My first visit to CA I was 2 - no memories, 2nd trip was in 1955.  We couldn't go to Disneyland which had just opened, father said we would come back when it wasn't so crowded.  25 years later my next 4 trips were with children, grandchildren (2 times) and finally 2 great grand kids.  On the trip in '55 did get to do Tijuana and Mexicali not too much worry about drug cartels then.  Other side trips, we drove the 20 miles of road dips in the Mohave desert, everyone ended up sick to their stomachs.  Calico (gold mining ghost town and tourist attraction).  Driving over a snow packed mountain pass west of 4-corners with all the inexperienced winter drivers sliding off the road going too fast.  Stopping at a flea market with my son and grandson right in the heart of East LA. carloads of gang members were having a social gathering when we came out, my son got himself a nice knockoff fake-leather jacket though.

One of my CA trips with 3 of my grandchildren had dire warnings to start that I chose to ignore.  Leaving early in the morning entering I-15 we were bombarded by a flock of seagulls and one in particular was having bowel problems.  Being the procrastinator that I am I figured I could get a quick car wash along the way.  Never happened so we made the entire trip with nasty looking white blotches from the front bumper to the rear tailgate.  While on the same trip I was taking my youngest grandson to the restroom at SeaWorld, another seagull decided we were a prime target we were still wearing the yellow rain jackets we had purchased and it made it easier to see us.  Then a day later while my wife and I were taking a much needed rest on a bench in Knott's Berry Farm one of the many birds high up in the trees needed to relieve itself, yep right on my head and shoulder.  Each of the grandchildren like to bring it up at any family gathering.


----------



## Jackie22 (Jul 12, 2014)

Good Morning, Son, I'll agree with most all your assessments of California.  California is my favorite vacation state, just got back from San Diego.  One of my favorite things about California is how they protect their environment and the fact that they are very up on 'Green' issues.  My favorite California towns so far are Monterey and Santa Barbara, I found Carmel and LaJolla to be too rich for my blood, but they are indeed beautiful especially the 'seventeen mile drive'.


----------



## Mrs. Robinson (Jul 12, 2014)

Just drove the Avenue of the Giants 2 weeks ago on our weekend getaway. One of my favorite places. The Golden Gate Bridge lost some of it`s magic for me after commuting over it for 18 years twice a week. That`s 1872 trips over it,costing approximately $11,000.00. And when you figure that hubby commuted it as well in his own car for all those years,we`re talking $22,000! For me,it became "just get over this darn bridge before someone comes over the line and hits me head on!" 

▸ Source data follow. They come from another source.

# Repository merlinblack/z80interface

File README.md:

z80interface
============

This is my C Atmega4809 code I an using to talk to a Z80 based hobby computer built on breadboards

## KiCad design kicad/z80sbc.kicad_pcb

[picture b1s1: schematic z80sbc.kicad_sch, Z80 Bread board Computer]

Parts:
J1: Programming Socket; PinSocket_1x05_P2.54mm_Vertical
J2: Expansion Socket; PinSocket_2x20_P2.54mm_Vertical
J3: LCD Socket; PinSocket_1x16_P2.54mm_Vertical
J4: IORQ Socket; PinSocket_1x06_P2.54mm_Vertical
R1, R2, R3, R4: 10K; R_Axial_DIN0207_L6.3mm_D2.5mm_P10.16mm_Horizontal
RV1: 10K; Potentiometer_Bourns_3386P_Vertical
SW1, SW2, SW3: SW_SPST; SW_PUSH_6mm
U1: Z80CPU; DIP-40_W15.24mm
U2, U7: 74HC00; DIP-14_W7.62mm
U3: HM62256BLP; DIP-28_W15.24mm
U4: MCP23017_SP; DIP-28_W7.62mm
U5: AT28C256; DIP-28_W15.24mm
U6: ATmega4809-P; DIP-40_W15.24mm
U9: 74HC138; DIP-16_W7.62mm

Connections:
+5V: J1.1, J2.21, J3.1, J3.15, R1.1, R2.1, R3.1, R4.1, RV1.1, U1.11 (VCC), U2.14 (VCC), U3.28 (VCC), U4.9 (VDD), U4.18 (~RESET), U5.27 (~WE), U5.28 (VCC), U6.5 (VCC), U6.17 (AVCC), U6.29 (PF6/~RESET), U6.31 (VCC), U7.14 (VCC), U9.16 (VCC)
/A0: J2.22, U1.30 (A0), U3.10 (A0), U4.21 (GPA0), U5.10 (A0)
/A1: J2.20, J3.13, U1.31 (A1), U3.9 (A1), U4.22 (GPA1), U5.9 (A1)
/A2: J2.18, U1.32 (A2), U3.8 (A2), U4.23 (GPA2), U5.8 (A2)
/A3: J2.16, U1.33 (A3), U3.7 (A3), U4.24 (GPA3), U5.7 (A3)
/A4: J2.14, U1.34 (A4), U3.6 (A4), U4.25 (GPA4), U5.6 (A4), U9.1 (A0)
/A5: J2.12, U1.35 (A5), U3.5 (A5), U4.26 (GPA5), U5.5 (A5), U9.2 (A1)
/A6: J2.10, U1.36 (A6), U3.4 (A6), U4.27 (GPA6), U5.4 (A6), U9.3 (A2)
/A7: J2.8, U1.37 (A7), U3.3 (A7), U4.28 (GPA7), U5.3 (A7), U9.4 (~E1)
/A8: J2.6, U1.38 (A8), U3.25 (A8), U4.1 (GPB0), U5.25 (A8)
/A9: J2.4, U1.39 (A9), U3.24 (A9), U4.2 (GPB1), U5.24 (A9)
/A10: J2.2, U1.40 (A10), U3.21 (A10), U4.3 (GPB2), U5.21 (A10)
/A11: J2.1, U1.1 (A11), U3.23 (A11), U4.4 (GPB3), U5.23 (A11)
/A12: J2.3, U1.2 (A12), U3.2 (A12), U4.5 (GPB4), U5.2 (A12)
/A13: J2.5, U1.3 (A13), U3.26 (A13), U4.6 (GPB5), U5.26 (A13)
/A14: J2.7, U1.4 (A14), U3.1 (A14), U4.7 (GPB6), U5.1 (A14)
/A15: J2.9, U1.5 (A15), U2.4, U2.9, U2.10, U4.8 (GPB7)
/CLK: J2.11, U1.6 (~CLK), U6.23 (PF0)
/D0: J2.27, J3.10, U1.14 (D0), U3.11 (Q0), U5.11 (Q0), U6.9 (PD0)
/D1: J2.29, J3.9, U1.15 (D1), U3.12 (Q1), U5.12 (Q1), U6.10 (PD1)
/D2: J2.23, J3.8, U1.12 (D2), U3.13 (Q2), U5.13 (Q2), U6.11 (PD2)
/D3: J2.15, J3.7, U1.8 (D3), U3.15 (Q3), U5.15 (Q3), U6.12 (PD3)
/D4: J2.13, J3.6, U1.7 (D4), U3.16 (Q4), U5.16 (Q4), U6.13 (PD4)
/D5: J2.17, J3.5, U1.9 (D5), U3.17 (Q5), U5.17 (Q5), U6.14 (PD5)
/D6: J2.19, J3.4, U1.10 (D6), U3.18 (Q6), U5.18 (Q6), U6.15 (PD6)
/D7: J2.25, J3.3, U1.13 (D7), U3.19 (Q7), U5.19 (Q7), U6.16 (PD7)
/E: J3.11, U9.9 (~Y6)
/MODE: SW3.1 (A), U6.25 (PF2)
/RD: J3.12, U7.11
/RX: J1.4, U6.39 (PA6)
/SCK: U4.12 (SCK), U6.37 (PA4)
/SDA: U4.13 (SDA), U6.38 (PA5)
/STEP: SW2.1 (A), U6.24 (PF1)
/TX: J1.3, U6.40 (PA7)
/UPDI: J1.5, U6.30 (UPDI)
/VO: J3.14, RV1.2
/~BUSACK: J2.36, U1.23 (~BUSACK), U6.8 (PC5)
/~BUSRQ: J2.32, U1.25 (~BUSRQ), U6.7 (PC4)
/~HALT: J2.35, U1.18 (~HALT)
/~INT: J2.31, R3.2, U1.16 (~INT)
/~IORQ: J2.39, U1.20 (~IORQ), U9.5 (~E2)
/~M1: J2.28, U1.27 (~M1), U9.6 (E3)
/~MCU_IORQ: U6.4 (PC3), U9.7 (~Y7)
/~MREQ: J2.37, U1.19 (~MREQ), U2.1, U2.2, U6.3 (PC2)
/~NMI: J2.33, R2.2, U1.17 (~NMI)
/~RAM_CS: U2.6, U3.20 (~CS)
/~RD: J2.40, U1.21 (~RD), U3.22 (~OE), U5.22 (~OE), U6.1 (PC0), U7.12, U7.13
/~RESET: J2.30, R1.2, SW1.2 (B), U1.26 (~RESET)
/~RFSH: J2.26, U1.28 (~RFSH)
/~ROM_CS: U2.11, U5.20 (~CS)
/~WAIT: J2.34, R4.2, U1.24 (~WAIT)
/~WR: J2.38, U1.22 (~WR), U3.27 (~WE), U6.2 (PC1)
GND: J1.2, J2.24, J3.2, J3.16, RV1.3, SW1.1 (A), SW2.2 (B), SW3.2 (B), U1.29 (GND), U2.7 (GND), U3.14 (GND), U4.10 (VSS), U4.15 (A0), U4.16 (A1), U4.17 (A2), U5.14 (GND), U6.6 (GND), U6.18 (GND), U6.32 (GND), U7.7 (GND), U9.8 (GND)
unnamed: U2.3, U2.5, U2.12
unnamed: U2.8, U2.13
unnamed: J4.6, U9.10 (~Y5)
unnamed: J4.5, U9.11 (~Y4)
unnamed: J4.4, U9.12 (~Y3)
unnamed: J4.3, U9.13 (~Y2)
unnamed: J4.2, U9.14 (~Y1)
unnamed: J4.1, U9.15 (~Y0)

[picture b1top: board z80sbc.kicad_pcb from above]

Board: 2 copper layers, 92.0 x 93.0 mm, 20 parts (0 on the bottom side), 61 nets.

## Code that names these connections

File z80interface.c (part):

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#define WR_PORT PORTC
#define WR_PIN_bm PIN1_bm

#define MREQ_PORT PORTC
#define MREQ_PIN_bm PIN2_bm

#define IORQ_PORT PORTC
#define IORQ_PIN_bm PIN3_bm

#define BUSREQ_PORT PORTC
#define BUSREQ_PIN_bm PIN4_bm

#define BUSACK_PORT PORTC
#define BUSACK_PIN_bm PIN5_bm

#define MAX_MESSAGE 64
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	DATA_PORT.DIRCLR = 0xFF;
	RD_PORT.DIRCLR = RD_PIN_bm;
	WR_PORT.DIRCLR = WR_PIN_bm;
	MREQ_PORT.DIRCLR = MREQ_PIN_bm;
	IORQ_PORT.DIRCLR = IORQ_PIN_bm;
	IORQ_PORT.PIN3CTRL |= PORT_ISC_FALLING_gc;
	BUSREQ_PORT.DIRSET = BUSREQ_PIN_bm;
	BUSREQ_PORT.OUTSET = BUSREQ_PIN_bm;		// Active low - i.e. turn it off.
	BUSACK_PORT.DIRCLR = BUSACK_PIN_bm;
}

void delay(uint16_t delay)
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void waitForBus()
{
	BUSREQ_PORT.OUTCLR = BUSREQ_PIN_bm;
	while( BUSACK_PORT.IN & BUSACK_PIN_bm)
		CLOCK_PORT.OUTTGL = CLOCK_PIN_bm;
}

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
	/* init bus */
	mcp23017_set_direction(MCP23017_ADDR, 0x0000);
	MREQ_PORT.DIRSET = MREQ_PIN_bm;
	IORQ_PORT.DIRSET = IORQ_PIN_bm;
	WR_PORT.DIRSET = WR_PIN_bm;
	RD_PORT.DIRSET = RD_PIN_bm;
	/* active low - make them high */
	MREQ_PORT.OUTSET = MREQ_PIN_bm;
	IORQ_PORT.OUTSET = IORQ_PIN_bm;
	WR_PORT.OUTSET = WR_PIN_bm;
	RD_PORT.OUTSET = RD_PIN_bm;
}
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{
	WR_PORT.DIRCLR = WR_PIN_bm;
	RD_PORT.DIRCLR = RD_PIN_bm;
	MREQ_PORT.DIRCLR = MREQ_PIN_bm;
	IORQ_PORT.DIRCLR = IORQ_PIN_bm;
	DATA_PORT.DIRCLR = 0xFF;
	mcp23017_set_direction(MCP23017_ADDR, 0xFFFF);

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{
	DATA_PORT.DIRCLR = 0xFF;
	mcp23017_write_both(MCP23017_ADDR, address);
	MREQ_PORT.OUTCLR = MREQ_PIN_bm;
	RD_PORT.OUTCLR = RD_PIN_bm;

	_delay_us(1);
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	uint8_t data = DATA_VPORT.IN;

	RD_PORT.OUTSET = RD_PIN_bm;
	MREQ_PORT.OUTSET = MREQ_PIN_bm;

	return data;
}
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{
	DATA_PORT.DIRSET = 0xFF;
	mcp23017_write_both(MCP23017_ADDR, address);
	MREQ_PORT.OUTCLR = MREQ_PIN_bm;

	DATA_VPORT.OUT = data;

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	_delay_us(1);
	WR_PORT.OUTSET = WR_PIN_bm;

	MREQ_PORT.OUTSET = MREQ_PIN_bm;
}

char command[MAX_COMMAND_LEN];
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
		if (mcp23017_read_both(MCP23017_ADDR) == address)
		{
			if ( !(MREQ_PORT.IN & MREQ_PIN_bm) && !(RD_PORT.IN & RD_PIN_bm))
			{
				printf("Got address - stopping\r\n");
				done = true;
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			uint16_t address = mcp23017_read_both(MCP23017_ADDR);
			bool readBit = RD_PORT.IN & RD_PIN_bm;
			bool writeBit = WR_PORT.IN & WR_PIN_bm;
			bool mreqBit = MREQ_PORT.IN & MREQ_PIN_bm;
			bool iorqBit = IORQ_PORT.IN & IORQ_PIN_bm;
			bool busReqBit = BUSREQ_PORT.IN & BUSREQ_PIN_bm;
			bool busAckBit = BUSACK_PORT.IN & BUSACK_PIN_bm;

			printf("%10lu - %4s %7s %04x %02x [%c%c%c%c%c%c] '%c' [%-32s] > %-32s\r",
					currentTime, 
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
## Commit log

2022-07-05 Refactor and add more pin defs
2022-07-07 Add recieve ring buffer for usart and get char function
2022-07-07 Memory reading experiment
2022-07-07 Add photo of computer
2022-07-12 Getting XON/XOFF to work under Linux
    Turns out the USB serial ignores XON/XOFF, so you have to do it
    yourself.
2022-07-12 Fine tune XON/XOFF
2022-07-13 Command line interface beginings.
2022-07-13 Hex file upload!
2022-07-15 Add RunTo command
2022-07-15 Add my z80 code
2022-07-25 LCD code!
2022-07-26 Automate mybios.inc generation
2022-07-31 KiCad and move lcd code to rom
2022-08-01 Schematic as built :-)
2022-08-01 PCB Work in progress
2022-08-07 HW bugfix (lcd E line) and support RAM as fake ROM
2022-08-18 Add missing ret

I live in the outer edges of Wine Country and love it-but lve to drive down to St.Helena/Calistoga/Napa in the Fall because the vineyards are just so beautiful with their fall colors. And I do love Knott`s Berry Farm! Have always preferred it to Disneyland-less crowded and always seems a little bit cooler.


----------



## rkunsaw (Jul 13, 2014)

Finally a state I've been to, though not a lot of it. I was most impressed by the giant Sequoia trees. Those suckers are BIG. I like Santa Barbara too. I drove the back way from Santa Barbara to Woodlake going through Paso Robles.

I liked going through Indio and stopping at Shields Date Farm.

I don't like the traffic and big cities. Way too many people.


----------



## Pappy (Jul 13, 2014)

Ah yes, Paso Robles. Lived there a year and a half while working at Camp Roberts. We lived in an apartment at 423 10th St. Didn't have much money but we did enjoy weekends at Morro Bay and Pismo Beach body surfing. Atascadaro had dirt track racing every Friday night which we tried to go to.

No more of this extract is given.